EXERCISE GOAL = On how many lines of the records below does the string "tCarbon" appear? Reply with only the number.

(Records drawn from a dataset)

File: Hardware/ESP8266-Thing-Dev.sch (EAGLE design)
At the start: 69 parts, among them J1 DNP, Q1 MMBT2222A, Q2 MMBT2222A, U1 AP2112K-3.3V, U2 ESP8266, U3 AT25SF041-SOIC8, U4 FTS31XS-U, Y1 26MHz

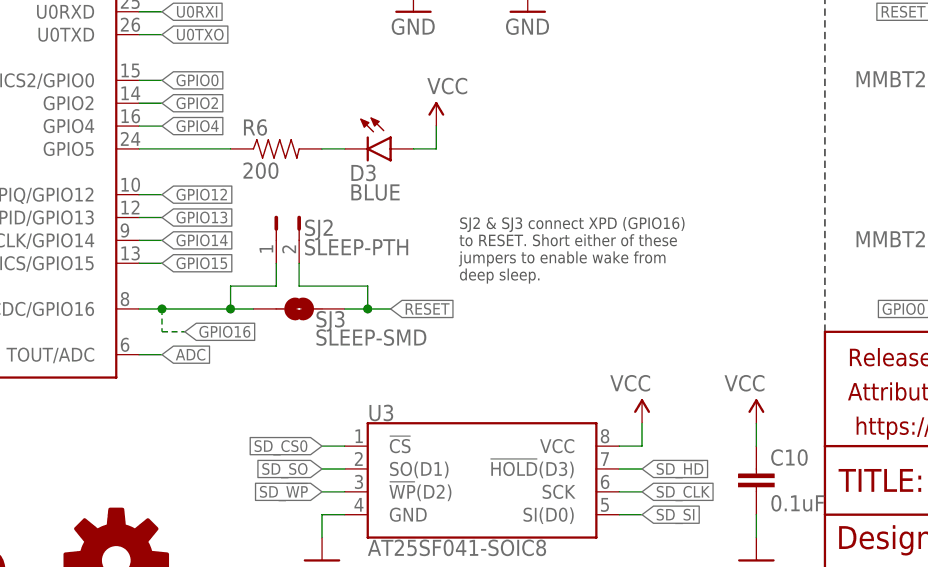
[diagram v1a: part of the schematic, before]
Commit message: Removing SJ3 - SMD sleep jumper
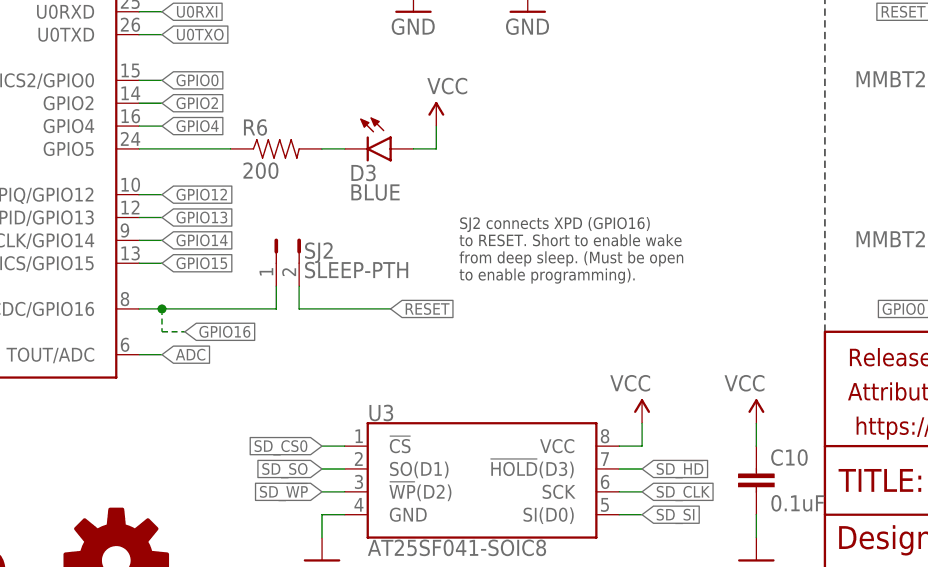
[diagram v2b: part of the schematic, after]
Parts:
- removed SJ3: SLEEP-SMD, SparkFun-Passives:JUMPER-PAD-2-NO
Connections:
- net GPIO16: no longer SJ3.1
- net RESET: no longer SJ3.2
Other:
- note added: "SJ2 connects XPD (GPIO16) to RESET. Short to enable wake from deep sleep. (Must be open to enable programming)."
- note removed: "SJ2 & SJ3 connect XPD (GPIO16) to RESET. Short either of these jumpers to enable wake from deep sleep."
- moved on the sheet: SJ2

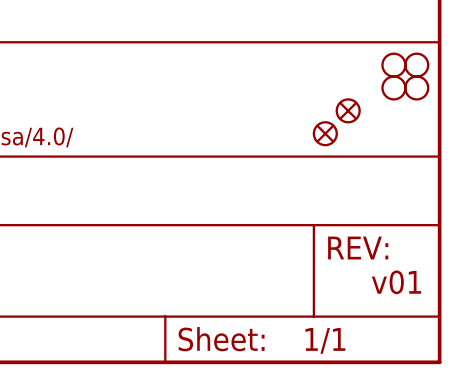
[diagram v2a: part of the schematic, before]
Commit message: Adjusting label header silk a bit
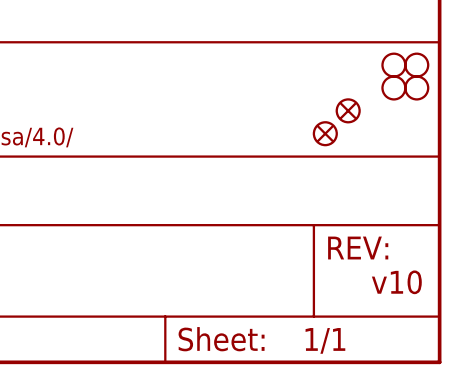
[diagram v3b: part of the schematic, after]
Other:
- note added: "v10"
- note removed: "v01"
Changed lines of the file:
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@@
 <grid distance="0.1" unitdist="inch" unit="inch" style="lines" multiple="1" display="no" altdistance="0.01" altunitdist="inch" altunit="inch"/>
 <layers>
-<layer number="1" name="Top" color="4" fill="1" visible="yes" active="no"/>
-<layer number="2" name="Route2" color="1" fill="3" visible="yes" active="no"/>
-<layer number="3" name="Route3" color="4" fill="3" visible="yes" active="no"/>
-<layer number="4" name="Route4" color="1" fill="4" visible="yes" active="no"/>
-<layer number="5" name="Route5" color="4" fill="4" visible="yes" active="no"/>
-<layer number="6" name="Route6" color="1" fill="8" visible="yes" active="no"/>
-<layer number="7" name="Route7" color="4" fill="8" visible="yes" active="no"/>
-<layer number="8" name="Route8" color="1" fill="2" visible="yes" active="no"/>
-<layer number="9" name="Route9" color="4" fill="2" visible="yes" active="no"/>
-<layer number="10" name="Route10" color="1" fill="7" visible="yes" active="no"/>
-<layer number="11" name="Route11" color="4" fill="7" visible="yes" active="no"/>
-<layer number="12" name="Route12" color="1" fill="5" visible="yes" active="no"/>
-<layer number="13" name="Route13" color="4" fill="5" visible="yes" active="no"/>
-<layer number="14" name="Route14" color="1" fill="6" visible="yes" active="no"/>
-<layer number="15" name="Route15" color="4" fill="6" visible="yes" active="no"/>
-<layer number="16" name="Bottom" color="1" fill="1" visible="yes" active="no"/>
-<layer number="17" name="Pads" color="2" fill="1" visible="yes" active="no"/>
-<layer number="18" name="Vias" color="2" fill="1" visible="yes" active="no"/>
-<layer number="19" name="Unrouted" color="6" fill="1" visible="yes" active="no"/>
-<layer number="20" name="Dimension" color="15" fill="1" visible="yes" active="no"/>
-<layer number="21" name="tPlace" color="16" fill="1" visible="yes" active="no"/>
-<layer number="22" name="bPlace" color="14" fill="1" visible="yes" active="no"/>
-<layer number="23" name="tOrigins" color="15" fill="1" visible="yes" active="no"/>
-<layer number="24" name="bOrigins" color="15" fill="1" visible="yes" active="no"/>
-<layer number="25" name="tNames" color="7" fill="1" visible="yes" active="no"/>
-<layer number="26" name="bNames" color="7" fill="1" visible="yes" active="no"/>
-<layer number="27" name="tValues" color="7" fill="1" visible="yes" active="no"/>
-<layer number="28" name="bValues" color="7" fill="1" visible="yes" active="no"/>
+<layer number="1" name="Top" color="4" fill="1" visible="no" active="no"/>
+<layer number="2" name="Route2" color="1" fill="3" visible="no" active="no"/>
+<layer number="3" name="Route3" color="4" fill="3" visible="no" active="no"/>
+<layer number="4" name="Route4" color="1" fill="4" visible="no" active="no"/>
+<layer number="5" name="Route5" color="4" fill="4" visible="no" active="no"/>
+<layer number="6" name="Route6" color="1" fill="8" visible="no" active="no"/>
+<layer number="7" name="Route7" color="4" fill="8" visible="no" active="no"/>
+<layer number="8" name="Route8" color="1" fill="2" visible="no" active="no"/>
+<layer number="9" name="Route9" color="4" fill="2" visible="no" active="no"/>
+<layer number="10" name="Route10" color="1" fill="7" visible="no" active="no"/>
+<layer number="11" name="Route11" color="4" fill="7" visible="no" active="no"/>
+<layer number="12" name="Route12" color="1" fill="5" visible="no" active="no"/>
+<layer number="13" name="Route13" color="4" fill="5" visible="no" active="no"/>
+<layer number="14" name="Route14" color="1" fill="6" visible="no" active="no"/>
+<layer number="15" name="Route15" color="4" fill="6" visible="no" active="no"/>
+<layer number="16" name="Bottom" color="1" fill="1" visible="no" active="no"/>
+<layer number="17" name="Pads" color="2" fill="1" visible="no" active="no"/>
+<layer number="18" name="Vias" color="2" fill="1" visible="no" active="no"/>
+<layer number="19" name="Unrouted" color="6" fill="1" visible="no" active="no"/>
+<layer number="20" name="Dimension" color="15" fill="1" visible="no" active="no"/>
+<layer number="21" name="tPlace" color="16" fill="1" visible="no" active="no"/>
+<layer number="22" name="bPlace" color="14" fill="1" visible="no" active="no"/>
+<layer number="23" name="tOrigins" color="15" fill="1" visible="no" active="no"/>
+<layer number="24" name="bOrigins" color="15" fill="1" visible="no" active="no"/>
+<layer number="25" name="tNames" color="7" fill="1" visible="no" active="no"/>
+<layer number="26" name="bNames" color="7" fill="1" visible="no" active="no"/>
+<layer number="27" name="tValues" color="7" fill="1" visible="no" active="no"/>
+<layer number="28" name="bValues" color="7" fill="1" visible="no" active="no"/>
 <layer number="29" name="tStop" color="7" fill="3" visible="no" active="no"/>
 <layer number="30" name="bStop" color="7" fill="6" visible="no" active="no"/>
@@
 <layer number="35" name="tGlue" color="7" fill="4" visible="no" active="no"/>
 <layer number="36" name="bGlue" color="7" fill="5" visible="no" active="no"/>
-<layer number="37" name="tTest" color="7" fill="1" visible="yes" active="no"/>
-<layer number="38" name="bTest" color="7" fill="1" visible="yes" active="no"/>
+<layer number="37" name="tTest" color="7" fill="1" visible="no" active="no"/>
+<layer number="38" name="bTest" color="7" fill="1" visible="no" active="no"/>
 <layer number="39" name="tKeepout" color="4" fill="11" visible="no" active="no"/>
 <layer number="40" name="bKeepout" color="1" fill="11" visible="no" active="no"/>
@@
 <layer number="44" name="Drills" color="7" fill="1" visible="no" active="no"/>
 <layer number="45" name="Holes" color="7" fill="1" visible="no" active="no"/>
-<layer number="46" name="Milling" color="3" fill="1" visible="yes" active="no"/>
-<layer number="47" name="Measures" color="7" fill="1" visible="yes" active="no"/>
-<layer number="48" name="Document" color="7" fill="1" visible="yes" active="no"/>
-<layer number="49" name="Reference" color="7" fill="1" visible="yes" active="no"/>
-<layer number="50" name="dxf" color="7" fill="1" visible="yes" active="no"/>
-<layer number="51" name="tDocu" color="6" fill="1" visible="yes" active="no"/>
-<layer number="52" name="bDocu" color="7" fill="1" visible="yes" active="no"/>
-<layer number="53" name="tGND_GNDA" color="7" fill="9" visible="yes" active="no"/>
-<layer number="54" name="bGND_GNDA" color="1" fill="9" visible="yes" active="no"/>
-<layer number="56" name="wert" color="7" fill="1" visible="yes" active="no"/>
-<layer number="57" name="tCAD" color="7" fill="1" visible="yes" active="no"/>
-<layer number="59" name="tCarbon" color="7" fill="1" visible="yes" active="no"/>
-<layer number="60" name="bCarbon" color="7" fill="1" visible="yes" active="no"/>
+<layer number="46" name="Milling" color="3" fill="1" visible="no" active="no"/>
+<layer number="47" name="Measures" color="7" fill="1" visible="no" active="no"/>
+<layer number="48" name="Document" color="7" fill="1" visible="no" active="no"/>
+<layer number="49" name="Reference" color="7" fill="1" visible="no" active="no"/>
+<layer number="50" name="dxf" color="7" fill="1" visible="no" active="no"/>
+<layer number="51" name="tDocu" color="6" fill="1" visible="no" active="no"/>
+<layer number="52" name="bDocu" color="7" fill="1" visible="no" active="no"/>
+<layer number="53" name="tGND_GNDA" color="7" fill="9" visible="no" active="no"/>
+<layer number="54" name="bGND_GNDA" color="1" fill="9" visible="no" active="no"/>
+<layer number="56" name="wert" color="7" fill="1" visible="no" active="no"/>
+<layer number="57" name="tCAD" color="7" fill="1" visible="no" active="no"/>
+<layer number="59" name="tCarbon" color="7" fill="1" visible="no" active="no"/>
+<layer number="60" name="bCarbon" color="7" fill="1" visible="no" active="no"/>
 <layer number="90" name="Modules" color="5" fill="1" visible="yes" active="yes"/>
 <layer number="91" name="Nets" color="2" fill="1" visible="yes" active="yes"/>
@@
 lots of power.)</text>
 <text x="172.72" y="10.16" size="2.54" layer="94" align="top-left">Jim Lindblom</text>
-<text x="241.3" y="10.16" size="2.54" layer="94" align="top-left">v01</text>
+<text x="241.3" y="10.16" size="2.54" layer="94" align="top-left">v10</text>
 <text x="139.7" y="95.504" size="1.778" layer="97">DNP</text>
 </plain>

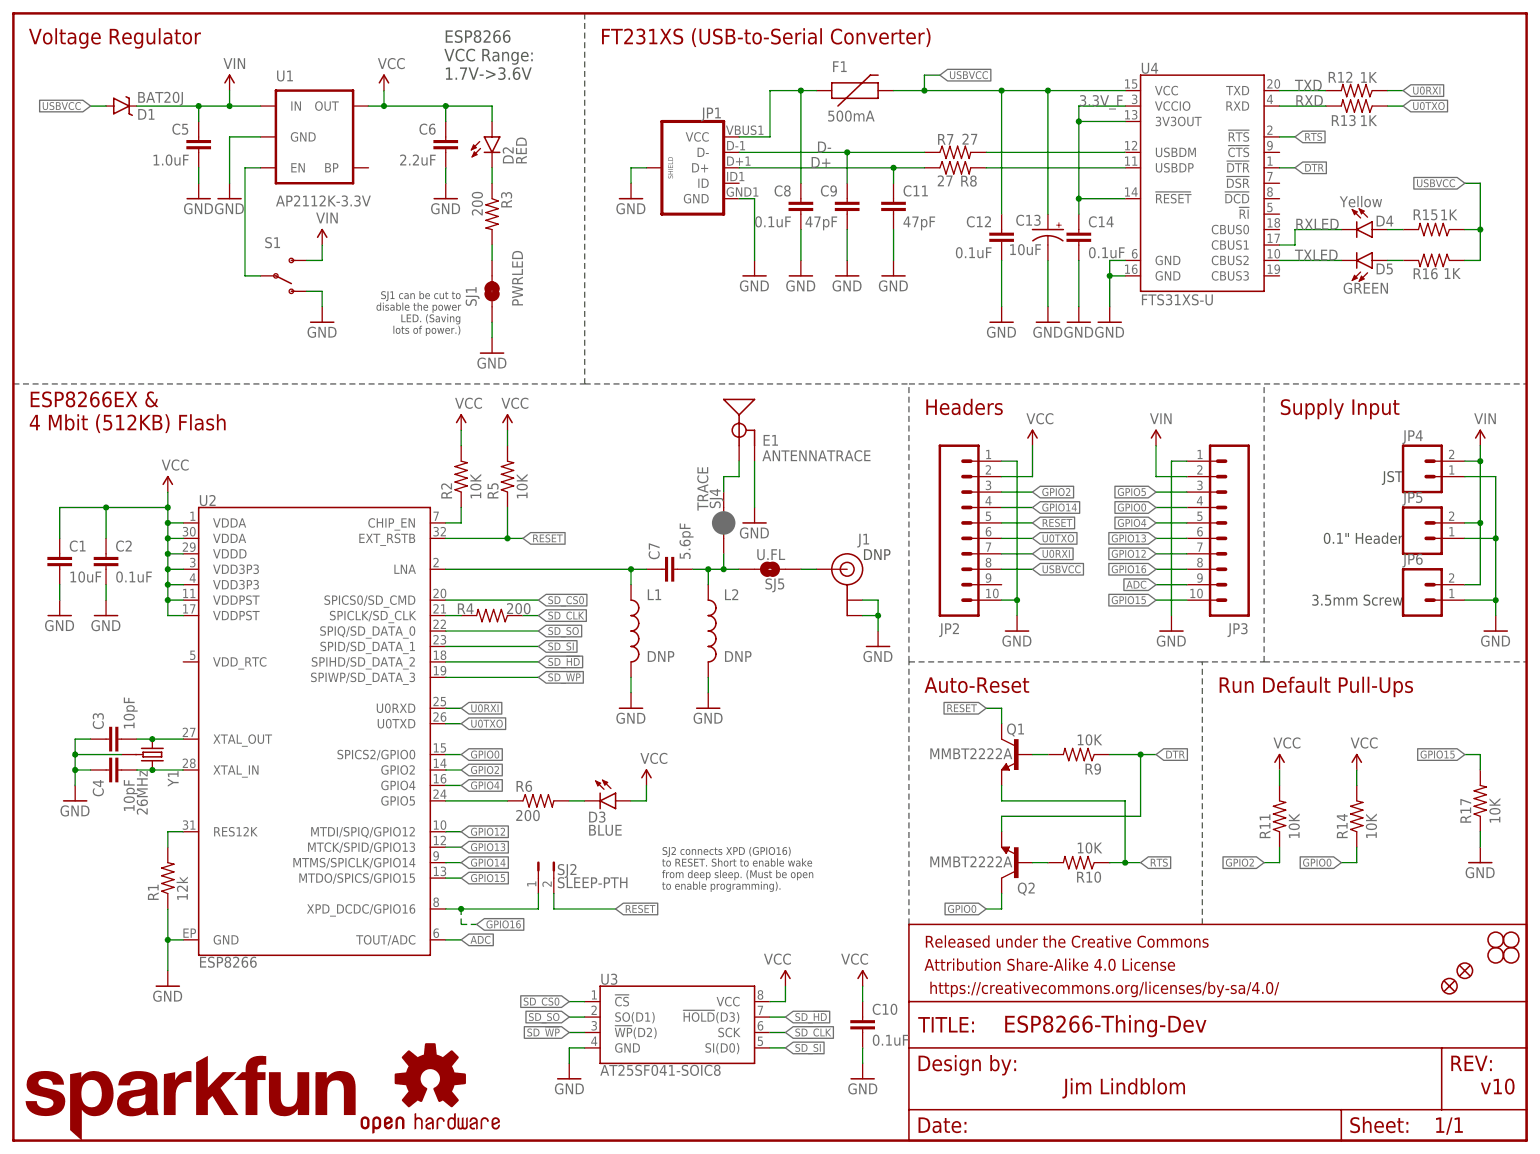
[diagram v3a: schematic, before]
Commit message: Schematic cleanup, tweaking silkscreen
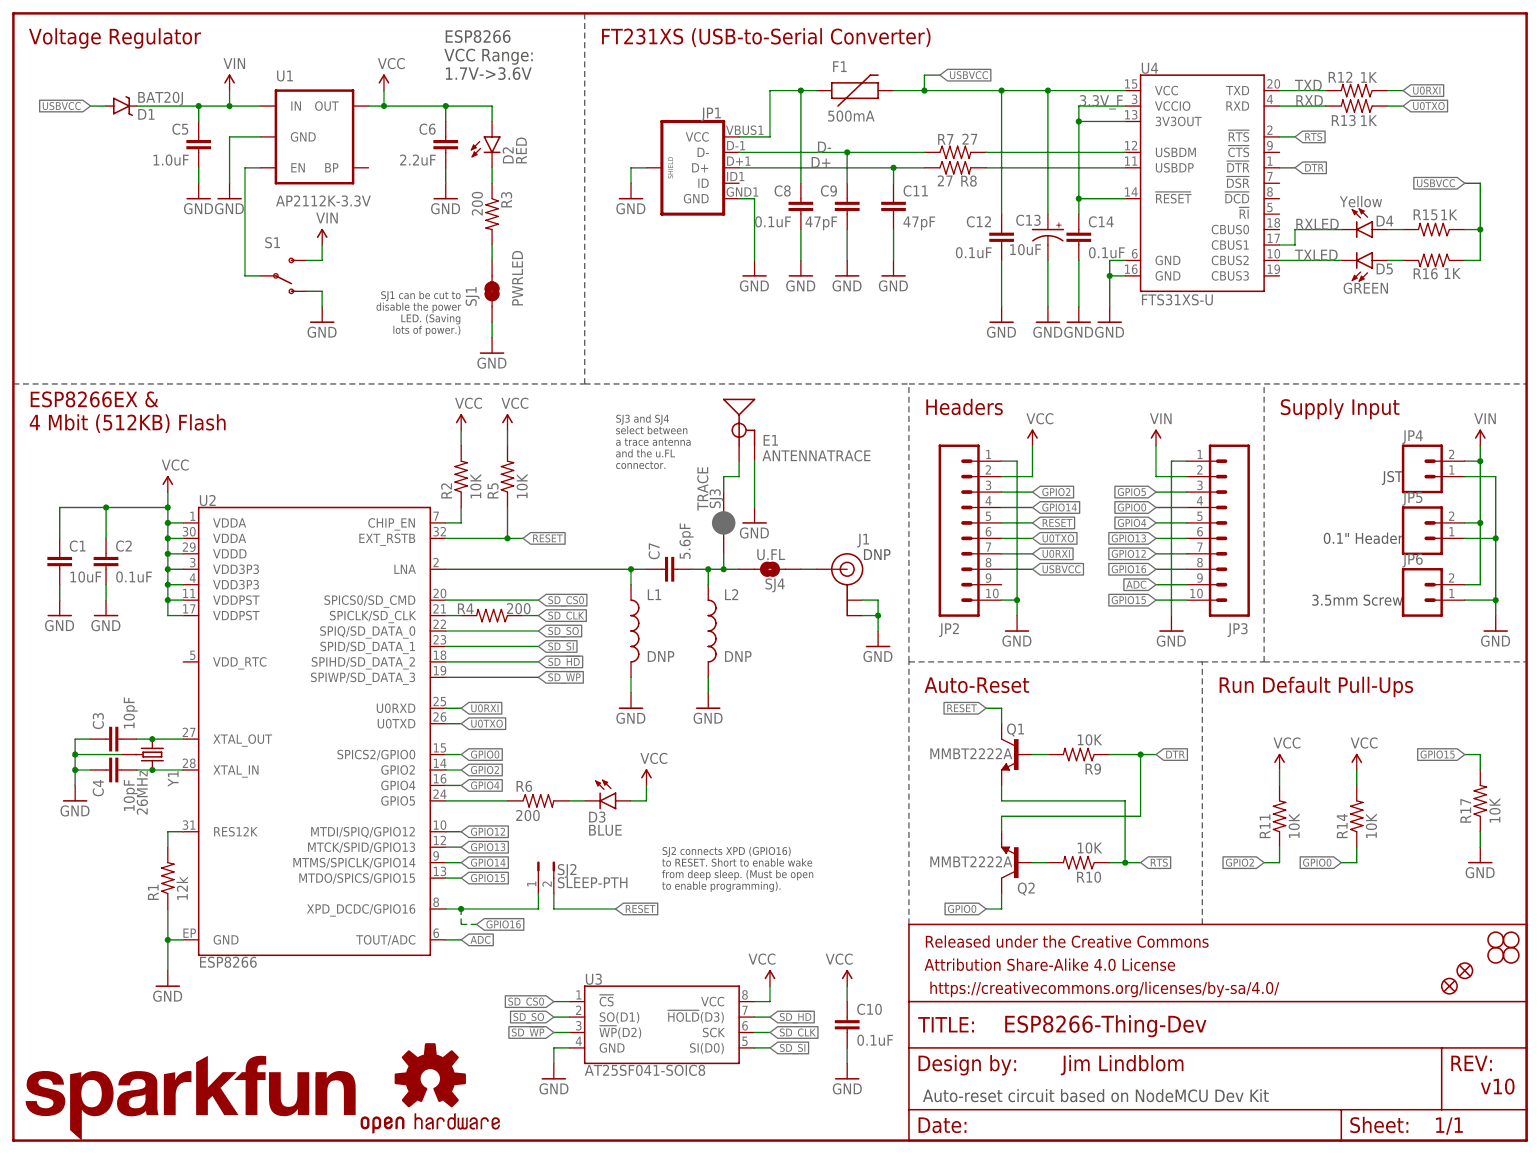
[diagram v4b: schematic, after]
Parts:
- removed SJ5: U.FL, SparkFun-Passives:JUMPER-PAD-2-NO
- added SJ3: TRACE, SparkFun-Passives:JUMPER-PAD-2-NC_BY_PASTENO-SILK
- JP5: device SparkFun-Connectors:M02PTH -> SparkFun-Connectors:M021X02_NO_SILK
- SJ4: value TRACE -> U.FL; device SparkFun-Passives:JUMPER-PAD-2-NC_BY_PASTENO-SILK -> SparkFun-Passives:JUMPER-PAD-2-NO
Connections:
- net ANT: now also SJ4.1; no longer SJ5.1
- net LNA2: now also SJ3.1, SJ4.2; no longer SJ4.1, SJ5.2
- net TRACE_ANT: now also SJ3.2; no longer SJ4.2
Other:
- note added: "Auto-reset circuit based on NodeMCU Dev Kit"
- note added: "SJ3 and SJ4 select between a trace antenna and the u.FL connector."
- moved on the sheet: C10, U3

RESULT OF THE TASK = 2